This post describes the aerodynamics around airfoils in a way that I haven’t seen presented elsewhere. At a past job, I developed blade shapes for turbomachines and it would sit and wonder why certain changes that I made to the blade shape changed the flowfield and pressure field the way that they did. Ultimately, I was interested in the net torque on the blades, much of which was due to the pressure field. Whereas CFD was the tool I was using to determine the final torque loads, I needed a fast and intuitive way to determine, directionally, what changes would lead me where I was trying to go with the blade performance. Thus, the thought process described below was born.
The logic of this working model is as follows:
- The fluid packet in Figure 1 is flowing from left to right and is following the streamline as shown.
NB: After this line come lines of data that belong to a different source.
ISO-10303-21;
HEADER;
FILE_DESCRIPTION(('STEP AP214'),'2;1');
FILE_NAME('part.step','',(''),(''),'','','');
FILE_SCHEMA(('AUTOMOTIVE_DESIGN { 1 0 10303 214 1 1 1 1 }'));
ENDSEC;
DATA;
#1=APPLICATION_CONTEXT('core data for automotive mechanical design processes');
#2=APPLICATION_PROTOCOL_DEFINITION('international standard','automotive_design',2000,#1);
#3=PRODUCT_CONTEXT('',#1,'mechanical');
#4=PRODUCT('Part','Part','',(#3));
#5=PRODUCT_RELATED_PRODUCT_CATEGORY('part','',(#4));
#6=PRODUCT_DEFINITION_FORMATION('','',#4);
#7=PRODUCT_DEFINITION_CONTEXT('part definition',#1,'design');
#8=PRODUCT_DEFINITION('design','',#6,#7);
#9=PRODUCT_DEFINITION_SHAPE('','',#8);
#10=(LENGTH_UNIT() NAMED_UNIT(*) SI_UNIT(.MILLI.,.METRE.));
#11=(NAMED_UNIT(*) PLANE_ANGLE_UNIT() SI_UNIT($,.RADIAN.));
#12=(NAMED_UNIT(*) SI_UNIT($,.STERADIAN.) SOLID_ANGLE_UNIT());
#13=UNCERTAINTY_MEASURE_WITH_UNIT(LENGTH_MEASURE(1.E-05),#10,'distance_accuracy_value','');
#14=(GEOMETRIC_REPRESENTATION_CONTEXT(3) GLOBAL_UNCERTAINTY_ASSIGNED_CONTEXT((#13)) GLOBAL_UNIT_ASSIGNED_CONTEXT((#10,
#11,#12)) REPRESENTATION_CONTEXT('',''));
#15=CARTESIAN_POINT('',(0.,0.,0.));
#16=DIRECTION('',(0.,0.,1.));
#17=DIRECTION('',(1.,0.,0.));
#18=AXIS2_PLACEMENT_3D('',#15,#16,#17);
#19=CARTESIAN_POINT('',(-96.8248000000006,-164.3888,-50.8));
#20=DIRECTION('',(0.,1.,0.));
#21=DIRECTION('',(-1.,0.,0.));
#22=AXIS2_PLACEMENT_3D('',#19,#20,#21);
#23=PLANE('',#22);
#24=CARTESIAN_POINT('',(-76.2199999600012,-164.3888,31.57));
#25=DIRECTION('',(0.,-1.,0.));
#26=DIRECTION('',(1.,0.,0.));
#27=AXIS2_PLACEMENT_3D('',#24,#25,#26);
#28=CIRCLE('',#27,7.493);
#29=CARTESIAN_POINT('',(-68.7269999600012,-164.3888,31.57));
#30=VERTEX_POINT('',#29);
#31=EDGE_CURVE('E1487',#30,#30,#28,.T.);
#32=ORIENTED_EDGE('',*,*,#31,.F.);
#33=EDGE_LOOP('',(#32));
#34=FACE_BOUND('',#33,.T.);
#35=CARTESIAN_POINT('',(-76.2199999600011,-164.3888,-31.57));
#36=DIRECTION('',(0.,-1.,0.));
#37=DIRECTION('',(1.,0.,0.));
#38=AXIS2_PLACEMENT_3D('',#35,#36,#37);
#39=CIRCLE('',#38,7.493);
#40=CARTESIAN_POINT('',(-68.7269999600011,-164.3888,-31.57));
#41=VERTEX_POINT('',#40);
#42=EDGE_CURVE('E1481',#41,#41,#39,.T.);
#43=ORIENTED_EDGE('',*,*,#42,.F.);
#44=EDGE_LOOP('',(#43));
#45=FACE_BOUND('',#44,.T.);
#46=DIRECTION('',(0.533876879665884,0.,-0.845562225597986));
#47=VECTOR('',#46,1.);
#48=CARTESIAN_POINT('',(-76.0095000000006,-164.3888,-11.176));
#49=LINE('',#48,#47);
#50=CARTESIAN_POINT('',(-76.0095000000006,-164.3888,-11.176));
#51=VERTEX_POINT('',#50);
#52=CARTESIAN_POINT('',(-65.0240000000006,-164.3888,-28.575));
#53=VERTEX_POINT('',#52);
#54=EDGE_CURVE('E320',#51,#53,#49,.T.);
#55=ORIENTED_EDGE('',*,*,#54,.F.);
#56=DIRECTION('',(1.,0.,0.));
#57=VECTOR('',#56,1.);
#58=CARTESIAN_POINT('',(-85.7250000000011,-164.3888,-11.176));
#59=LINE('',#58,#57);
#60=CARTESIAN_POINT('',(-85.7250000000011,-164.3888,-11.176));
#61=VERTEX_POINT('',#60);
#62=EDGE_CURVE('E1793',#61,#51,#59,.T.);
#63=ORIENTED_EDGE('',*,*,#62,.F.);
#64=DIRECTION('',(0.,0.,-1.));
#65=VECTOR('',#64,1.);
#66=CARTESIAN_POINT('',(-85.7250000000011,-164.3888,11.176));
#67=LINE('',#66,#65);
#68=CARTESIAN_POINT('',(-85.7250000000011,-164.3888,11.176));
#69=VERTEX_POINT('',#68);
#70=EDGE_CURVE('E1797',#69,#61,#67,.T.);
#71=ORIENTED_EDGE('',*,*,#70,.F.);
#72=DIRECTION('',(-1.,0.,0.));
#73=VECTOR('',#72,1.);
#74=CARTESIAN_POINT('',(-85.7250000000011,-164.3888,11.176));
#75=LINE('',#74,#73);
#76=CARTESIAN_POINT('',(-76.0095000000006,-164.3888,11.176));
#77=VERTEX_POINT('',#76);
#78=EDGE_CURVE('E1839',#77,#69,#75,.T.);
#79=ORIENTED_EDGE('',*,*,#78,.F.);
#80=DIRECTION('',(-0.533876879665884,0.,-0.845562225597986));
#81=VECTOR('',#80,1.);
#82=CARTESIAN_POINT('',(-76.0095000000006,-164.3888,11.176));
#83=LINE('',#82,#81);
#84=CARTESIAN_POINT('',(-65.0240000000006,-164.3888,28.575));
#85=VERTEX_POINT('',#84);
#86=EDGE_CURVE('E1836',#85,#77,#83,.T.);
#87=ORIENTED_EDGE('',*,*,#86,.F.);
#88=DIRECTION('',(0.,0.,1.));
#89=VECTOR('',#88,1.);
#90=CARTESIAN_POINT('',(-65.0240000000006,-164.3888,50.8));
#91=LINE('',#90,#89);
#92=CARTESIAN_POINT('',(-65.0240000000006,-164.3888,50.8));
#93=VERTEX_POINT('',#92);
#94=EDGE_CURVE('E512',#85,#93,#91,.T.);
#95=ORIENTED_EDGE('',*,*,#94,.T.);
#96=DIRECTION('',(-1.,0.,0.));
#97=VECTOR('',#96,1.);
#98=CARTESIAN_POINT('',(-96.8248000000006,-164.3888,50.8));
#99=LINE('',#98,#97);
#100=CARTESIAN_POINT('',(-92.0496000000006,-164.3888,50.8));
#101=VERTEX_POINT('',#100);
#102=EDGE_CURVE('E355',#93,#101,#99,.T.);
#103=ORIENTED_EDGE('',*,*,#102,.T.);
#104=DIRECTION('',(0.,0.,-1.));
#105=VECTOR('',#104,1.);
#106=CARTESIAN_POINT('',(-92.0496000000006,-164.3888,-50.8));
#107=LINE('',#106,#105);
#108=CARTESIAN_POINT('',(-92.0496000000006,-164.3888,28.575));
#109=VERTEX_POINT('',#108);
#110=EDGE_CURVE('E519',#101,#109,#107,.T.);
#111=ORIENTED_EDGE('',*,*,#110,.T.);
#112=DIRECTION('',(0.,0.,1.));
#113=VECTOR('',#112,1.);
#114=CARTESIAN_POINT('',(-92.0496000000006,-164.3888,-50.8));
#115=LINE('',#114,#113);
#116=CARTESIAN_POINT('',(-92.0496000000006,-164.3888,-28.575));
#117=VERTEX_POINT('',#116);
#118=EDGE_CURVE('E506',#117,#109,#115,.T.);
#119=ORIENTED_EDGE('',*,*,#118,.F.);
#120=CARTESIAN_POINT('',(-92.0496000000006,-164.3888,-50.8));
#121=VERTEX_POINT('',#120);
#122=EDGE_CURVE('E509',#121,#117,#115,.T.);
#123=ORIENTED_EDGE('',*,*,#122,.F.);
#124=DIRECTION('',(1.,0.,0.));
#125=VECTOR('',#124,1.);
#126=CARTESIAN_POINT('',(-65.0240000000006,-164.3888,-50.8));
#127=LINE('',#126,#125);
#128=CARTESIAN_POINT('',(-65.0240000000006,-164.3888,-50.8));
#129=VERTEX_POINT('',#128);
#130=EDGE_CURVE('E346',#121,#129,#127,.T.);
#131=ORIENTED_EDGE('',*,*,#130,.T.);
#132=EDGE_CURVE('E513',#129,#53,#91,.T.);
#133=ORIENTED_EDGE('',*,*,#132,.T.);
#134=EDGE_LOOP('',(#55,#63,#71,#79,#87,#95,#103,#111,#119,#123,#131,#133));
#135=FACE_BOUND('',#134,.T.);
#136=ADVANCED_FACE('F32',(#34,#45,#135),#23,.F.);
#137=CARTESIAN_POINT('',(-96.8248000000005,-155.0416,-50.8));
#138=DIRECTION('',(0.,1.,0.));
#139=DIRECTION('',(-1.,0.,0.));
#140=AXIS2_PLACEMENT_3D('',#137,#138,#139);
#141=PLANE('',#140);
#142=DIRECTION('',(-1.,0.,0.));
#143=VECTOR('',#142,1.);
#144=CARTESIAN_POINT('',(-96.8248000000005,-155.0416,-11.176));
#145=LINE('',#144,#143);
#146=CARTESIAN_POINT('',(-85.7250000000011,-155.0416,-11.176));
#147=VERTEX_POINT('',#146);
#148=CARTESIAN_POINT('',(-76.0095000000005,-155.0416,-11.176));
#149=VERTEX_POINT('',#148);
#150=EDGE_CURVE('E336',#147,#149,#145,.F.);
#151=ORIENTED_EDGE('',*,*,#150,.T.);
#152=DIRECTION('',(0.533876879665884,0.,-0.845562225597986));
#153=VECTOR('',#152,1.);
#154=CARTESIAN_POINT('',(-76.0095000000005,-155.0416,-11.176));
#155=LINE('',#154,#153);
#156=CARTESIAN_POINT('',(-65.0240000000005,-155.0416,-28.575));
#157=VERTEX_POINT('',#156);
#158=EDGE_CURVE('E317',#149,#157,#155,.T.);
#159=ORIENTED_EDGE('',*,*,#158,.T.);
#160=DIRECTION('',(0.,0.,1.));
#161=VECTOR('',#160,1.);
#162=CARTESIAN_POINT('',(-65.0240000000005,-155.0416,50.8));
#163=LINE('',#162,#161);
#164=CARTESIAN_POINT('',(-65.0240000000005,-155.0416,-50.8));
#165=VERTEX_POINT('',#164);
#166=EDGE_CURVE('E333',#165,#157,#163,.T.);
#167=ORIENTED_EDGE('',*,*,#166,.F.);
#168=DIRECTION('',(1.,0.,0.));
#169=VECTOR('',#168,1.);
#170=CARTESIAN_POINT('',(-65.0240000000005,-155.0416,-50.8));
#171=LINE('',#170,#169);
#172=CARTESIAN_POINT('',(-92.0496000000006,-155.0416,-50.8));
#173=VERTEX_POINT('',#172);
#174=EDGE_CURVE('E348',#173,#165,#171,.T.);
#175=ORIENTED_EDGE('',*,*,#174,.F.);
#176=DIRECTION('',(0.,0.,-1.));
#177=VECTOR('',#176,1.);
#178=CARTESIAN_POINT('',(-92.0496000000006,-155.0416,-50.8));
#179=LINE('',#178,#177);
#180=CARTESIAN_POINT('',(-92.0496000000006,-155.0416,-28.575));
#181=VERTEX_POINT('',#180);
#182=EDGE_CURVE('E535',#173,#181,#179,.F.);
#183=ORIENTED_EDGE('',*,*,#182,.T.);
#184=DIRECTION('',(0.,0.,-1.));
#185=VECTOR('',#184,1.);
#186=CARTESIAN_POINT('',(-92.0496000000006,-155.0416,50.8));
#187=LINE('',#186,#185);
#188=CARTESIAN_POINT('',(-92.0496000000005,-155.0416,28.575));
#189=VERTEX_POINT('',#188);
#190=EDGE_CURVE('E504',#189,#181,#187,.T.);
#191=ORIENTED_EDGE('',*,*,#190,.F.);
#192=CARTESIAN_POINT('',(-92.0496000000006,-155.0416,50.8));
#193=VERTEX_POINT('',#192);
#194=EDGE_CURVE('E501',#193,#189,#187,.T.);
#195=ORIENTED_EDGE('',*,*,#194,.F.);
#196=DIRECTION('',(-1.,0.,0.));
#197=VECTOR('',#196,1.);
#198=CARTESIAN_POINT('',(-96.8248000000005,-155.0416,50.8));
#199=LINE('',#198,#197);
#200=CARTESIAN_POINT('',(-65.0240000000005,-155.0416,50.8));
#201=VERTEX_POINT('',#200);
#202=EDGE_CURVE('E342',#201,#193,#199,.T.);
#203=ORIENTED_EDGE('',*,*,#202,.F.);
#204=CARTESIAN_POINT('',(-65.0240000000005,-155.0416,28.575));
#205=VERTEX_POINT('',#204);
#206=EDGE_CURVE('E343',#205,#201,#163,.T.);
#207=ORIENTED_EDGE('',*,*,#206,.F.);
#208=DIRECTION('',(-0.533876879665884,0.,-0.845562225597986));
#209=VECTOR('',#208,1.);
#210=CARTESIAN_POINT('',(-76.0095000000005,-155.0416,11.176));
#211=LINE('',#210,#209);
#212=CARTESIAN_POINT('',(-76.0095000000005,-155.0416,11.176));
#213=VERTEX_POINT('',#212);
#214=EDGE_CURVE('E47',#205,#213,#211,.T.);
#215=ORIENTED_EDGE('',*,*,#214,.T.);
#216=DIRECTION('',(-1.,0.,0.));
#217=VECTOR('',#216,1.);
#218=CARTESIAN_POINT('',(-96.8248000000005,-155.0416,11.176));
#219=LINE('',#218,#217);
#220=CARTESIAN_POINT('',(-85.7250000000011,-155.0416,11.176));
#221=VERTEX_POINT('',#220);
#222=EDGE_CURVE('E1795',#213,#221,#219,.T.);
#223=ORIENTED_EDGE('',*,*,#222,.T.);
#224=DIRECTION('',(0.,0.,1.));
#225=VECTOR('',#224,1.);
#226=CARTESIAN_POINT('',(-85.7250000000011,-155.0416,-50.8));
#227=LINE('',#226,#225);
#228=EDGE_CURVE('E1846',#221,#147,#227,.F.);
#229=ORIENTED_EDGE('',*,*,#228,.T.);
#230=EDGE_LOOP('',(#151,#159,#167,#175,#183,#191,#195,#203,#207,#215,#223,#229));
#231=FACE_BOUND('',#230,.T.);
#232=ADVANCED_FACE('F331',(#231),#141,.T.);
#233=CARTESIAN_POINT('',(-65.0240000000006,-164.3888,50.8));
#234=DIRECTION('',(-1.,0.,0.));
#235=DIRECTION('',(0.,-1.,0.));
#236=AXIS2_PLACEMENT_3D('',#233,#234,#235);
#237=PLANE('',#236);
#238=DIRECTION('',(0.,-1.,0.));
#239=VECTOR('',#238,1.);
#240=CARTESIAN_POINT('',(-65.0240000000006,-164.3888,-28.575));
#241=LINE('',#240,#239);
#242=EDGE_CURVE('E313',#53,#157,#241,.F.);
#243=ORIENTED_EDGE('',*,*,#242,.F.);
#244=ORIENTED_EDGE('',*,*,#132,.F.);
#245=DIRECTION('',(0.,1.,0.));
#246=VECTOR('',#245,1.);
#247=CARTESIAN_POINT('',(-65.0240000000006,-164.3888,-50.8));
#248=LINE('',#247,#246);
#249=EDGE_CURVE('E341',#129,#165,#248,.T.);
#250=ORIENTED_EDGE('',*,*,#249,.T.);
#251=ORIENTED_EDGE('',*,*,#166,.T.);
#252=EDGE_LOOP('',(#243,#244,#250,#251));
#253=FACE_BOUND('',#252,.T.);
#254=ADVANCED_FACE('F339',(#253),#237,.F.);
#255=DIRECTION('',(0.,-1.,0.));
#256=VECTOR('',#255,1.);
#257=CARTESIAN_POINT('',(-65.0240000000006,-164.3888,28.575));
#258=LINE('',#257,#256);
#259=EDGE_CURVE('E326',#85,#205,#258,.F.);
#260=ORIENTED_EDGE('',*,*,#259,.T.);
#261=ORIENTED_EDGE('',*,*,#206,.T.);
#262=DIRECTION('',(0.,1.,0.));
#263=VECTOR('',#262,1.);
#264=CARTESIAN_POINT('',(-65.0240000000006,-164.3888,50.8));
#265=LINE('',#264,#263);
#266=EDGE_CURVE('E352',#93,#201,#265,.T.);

To a first approximation, a semi-experienced flow analyst could draw moderately reasonable streamlines for a body without doing an analysis or test, I think.
- Bends in the streamlines come from a net force on the fluid particles which are following the streamline path, which is considered to be not changing with time. Why would a fluid particle speed up, slow down, or turn? Where do we get a net load on a fluid particle? The flow equations shown below tell us that fluids can get a net force from a pressure gradient and also from shear stress. In particular, the primary thing driving a bend in a streamline is a pressure gradient; relatively higher pressure is on the outer radius side of the bend and relatively lower pressure is towards the center of the bend radius circle.
- Looking at the streamlines, and understanding the pressure gradients that we can read from them, we can figure out what kind of pressure we will end up observing on the surface of the body – the thing that gives us the majority of the net load on the profile. Figures 2, 3, and 4 below illustrate the pressure field that we can infer from the streamlines there. It’s a simple matter of identifying relatively higher static pressures on the outer radius of a bend and a lower static pressure on the inner radius.
- Note that the only thing we can infer from the streamline bends are the local, relative pressure gradient on the fluid particles tracing out the streamline. For example, in Figure 4, we can infer that there is a lower pressure near the surface of the body, which increases as we move (normally) away from it, and this gradient is responsible for turning the flow along the blade profile. But what we can’t say is whether the pressure gradient exists because the static pressure near the wall of the blade has decreased, or because the static pressure further away from the wall has increased. All we know is that there is a gradient to turn the flow. I get a little stuck here, but I believe there must be a least-energy rule that we can call upon to say that the airfoil produces local static pressure changes (rather than changing the static pressure of the entire atmosphere!).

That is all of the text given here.